>>>

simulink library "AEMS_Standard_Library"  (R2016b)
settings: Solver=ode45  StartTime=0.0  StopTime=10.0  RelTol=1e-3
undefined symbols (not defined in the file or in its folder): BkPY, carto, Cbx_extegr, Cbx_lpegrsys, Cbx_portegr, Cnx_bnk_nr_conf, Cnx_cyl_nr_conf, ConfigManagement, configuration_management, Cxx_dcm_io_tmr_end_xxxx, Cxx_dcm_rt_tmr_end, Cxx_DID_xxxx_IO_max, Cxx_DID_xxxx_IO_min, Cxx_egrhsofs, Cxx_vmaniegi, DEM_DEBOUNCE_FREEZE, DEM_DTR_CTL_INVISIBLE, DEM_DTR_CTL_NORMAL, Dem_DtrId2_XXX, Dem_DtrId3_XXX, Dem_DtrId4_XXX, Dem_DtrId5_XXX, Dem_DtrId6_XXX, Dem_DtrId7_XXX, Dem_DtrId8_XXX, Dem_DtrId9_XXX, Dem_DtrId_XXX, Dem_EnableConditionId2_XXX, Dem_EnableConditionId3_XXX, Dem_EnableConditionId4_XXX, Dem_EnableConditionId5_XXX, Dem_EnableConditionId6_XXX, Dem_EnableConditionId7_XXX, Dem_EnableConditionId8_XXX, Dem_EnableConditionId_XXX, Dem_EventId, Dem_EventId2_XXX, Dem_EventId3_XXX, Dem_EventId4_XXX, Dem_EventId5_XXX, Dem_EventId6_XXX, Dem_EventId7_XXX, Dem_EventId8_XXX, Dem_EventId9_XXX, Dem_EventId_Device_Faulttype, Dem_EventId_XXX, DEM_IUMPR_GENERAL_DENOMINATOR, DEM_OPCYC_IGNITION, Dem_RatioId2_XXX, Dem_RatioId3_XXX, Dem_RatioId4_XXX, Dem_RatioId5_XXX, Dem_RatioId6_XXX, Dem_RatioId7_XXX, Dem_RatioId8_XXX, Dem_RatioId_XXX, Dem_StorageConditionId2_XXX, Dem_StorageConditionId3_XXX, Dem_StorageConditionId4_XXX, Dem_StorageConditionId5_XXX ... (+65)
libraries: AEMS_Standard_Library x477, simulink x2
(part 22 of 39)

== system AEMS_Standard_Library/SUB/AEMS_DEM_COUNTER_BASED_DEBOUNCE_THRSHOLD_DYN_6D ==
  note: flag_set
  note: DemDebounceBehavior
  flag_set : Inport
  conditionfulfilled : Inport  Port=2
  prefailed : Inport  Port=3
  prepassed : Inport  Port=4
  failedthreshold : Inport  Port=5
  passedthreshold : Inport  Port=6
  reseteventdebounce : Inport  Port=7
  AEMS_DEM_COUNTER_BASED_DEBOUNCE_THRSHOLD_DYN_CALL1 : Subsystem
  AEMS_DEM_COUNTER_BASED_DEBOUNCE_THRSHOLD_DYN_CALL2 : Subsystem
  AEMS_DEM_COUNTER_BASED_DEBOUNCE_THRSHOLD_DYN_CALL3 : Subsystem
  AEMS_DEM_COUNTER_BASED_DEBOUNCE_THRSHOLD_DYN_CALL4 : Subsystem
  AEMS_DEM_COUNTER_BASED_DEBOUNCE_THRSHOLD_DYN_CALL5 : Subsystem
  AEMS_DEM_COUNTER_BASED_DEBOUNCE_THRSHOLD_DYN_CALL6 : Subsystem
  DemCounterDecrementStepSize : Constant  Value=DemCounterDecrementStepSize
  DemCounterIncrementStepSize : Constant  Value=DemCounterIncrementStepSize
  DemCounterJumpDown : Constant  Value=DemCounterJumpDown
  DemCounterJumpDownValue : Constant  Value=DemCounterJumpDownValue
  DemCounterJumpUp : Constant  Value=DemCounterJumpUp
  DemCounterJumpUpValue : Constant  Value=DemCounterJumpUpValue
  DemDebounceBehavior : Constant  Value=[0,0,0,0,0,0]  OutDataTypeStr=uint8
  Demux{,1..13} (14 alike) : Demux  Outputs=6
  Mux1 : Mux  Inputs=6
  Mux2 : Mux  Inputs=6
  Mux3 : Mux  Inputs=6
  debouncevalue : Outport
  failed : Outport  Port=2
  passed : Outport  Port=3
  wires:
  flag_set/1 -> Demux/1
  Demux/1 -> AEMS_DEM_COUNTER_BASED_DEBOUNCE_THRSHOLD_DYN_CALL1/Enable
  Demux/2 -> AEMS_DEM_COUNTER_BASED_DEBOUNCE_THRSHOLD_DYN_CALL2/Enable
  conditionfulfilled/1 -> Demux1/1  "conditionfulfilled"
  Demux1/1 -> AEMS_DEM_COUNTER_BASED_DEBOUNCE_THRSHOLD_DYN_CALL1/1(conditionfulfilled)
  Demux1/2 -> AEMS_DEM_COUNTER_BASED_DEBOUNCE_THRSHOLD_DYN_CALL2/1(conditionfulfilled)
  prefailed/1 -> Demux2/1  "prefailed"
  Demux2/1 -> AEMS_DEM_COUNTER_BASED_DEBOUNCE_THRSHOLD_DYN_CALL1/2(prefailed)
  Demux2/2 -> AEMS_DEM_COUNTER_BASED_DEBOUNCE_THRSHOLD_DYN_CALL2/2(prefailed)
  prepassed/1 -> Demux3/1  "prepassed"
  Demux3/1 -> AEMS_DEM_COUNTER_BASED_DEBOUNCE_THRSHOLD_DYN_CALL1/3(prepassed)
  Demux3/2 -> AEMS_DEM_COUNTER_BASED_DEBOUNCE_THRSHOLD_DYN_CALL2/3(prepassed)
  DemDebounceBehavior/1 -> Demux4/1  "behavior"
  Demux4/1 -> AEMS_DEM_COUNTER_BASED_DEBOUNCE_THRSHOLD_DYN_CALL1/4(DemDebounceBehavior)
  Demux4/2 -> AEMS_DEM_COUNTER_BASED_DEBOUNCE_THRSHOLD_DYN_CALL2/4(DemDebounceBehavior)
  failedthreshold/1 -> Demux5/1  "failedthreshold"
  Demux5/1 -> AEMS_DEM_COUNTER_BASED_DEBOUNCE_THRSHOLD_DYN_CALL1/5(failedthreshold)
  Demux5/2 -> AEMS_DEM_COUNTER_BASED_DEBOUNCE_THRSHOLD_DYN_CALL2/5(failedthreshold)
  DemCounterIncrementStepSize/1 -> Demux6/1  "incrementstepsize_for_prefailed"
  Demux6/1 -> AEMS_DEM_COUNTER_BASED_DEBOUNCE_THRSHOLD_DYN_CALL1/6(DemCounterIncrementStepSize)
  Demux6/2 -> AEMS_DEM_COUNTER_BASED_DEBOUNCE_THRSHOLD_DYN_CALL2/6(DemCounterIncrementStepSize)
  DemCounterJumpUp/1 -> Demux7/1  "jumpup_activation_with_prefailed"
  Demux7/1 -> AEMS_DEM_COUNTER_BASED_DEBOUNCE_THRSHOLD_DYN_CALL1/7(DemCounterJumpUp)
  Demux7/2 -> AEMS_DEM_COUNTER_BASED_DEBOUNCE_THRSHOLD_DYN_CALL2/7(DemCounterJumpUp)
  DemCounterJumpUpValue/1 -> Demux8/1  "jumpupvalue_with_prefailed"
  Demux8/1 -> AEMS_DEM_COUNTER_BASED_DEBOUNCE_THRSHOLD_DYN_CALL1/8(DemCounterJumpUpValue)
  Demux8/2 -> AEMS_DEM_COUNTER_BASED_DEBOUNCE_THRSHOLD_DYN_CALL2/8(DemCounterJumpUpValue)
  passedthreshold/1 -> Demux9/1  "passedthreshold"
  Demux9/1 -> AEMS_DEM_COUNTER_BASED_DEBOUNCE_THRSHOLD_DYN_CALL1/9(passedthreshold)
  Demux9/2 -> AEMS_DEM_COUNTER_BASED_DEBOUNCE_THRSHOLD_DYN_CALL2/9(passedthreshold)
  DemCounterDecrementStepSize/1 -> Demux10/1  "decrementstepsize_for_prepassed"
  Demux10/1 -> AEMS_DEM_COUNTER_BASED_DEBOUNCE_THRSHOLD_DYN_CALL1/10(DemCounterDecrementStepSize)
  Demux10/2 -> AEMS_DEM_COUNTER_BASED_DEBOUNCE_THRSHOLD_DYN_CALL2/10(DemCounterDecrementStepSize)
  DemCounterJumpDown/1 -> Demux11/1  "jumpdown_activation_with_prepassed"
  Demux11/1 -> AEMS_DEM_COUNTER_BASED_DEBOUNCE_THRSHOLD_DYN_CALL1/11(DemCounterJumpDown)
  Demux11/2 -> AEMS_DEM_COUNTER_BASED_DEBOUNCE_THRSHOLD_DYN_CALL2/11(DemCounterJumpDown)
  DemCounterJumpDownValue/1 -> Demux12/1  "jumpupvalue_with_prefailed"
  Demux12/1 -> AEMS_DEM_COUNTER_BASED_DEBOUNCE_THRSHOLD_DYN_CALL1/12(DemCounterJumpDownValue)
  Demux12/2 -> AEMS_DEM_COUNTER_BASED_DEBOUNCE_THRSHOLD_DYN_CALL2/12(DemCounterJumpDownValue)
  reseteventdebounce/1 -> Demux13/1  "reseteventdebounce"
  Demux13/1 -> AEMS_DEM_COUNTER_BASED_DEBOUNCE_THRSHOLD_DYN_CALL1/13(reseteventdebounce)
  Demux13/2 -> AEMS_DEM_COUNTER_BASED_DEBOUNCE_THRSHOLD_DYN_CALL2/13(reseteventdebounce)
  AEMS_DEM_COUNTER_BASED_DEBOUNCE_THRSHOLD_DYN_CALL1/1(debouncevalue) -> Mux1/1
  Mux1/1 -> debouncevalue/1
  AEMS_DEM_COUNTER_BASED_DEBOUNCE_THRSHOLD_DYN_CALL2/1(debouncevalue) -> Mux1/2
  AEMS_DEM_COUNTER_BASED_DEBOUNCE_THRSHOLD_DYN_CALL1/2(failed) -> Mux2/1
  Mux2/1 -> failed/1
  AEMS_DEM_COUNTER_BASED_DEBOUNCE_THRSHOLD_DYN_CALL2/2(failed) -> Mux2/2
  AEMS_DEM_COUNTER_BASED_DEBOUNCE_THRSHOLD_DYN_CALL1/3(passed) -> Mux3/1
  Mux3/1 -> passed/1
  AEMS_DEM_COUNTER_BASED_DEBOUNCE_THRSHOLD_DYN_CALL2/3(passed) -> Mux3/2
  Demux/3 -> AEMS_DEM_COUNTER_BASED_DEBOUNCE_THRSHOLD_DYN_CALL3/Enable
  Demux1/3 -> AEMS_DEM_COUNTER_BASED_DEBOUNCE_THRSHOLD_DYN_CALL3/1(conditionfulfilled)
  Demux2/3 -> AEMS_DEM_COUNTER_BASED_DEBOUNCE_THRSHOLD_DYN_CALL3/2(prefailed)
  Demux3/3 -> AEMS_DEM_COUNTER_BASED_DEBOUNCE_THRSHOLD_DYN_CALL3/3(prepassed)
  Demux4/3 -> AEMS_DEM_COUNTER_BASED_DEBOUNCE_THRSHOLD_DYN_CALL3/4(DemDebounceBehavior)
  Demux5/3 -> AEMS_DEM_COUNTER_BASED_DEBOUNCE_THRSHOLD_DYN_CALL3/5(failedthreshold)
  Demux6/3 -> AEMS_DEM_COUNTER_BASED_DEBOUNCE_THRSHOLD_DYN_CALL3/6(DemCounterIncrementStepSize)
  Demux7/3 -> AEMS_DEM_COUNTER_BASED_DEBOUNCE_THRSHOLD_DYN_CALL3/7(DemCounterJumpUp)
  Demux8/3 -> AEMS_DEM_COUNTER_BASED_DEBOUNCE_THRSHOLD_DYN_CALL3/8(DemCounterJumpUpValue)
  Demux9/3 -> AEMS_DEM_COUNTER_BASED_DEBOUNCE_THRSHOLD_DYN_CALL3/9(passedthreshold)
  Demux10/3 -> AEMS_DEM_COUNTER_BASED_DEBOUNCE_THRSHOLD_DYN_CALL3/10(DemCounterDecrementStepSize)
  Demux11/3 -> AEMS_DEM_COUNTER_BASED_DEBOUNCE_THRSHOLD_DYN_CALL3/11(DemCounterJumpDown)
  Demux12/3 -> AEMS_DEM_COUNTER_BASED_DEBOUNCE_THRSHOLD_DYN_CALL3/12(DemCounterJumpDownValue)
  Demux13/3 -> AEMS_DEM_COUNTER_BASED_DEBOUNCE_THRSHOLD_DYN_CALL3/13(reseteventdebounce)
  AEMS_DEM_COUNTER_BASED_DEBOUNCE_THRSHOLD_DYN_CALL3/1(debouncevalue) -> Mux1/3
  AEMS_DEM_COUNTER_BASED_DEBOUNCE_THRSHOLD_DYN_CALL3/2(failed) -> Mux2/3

<<<

#### WHAT YOU NEED TO DO:
For each line of the material that contains "DemDebounceBehavior", return a copy.

#### RESPONSE BOX:
  note: DemDebounceBehavior
  DemDebounceBehavior : Constant  Value=[0,0,0,0,0,0]  OutDataTypeStr=uint8
  DemDebounceBehavior/1 -> Demux4/1  "behavior"
  Demux4/1 -> AEMS_DEM_COUNTER_BASED_DEBOUNCE_THRSHOLD_DYN_CALL1/4(DemDebounceBehavior)
  Demux4/2 -> AEMS_DEM_COUNTER_BASED_DEBOUNCE_THRSHOLD_DYN_CALL2/4(DemDebounceBehavior)
  Demux4/3 -> AEMS_DEM_COUNTER_BASED_DEBOUNCE_THRSHOLD_DYN_CALL3/4(DemDebounceBehavior)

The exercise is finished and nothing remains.